**WORK ORDER**
Set down exactly the lines below between the line holding "0, -2239.842321))[0], mode=Mode.SUBTRACT)" and the line holding "0, -2177.863153))[0], mode=Mode.SUBTRACT)", inclusive; no other line belongs in the answer.
##########
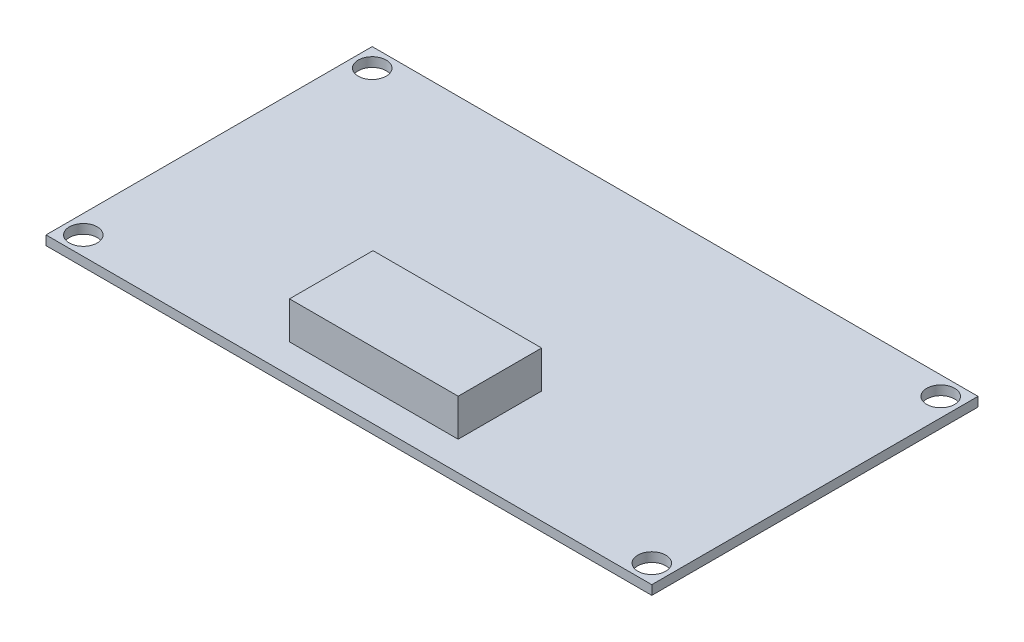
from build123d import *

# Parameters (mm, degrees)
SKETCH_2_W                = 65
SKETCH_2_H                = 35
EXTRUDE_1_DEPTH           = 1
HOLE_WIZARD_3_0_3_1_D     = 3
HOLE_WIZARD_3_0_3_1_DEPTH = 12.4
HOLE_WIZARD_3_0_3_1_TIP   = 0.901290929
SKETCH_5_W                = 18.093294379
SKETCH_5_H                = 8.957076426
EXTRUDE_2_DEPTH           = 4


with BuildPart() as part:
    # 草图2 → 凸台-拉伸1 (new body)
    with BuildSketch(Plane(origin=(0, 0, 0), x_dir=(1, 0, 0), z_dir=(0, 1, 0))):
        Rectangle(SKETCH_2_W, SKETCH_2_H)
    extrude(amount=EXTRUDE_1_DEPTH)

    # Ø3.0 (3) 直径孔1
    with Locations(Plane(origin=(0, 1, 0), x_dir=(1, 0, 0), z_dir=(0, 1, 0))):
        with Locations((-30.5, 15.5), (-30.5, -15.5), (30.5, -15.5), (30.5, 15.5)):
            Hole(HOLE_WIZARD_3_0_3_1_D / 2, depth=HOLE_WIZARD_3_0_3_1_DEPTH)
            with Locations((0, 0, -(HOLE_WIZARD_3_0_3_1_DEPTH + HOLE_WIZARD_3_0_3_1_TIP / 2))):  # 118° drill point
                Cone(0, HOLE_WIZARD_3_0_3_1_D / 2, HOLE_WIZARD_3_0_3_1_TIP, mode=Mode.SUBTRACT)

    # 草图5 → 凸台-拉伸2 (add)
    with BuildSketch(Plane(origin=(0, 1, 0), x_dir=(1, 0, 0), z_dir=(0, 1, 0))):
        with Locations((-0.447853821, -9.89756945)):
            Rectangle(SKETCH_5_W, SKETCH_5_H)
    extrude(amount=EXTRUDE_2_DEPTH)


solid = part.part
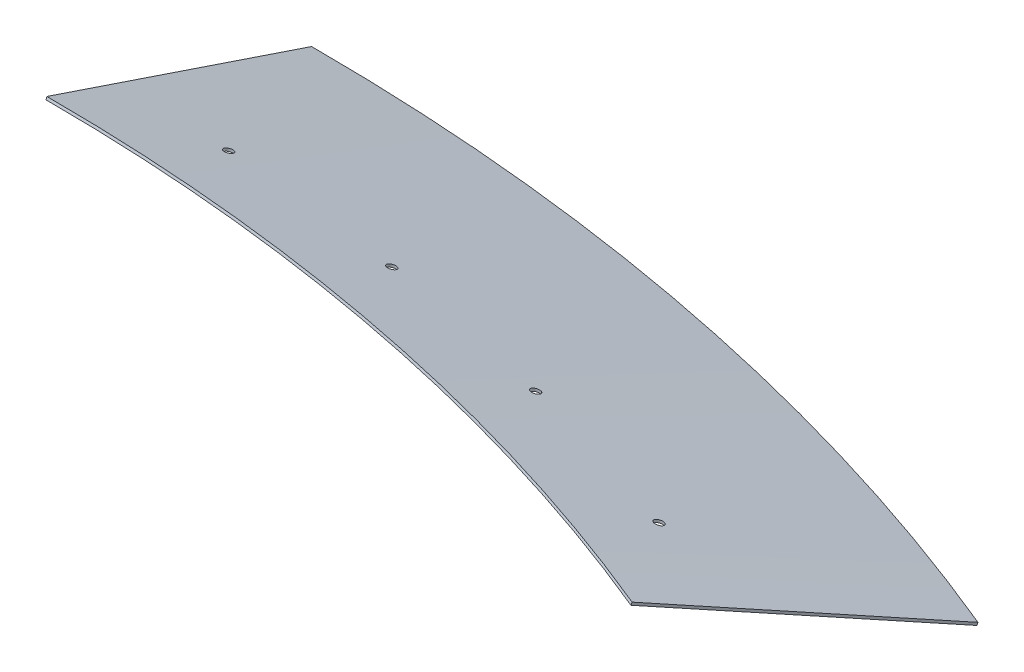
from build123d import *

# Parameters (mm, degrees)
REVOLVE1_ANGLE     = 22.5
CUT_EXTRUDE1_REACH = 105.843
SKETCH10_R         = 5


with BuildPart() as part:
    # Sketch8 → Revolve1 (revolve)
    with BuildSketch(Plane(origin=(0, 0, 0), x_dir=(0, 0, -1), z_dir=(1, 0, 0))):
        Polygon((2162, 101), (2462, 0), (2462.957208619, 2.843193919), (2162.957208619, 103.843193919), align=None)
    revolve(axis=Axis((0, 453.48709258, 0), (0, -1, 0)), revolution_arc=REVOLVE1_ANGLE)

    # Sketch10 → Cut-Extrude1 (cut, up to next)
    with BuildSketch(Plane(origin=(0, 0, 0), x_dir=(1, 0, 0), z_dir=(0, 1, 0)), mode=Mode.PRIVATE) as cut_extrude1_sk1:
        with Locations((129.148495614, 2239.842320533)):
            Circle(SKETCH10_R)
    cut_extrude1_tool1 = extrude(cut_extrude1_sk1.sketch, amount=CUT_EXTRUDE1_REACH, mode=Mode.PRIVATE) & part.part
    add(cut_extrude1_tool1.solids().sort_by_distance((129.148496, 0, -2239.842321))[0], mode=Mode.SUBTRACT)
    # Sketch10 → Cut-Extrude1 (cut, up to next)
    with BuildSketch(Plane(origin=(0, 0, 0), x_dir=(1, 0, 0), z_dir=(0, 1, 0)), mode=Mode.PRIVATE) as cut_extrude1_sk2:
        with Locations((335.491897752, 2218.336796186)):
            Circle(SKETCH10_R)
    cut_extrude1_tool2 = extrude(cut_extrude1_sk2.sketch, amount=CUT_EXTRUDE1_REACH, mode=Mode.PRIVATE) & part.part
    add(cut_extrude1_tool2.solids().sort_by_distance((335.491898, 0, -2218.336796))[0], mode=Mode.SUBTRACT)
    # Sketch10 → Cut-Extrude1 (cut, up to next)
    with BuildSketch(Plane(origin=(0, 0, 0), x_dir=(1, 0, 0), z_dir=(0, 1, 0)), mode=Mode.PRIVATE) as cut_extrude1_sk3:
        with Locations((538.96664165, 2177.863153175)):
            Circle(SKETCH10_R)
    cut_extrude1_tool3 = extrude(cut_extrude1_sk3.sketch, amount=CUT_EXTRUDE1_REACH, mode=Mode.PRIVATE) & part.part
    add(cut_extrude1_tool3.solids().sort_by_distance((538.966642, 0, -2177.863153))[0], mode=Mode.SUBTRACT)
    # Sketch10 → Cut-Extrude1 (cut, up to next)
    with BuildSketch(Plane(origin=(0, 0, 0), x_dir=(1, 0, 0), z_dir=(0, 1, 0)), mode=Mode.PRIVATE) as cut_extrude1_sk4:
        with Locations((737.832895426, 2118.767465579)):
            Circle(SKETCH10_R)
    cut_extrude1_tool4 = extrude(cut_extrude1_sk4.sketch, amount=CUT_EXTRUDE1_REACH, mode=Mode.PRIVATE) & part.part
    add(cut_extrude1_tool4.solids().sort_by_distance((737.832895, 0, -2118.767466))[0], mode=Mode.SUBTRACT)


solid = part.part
##########
**SOLUTION TO THE EXERCISE**
    add(cut_extrude1_tool1.solids().sort_by_distance((129.148496, 0, -2239.842321))[0], mode=Mode.SUBTRACT)
    # Sketch10 → Cut-Extrude1 (cut, up to next)
    with BuildSketch(Plane(origin=(0, 0, 0), x_dir=(1, 0, 0), z_dir=(0, 1, 0)), mode=Mode.PRIVATE) as cut_extrude1_sk2:
        with Locations((335.491897752, 2218.336796186)):
            Circle(SKETCH10_R)
    cut_extrude1_tool2 = extrude(cut_extrude1_sk2.sketch, amount=CUT_EXTRUDE1_REACH, mode=Mode.PRIVATE) & part.part
    add(cut_extrude1_tool2.solids().sort_by_distance((335.491898, 0, -2218.336796))[0], mode=Mode.SUBTRACT)
    # Sketch10 → Cut-Extrude1 (cut, up to next)
    with BuildSketch(Plane(origin=(0, 0, 0), x_dir=(1, 0, 0), z_dir=(0, 1, 0)), mode=Mode.PRIVATE) as cut_extrude1_sk3:
        with Locations((538.96664165, 2177.863153175)):
            Circle(SKETCH10_R)
    cut_extrude1_tool3 = extrude(cut_extrude1_sk3.sketch, amount=CUT_EXTRUDE1_REACH, mode=Mode.PRIVATE) & part.part
    add(cut_extrude1_tool3.solids().sort_by_distance((538.966642, 0, -2177.863153))[0], mode=Mode.SUBTRACT)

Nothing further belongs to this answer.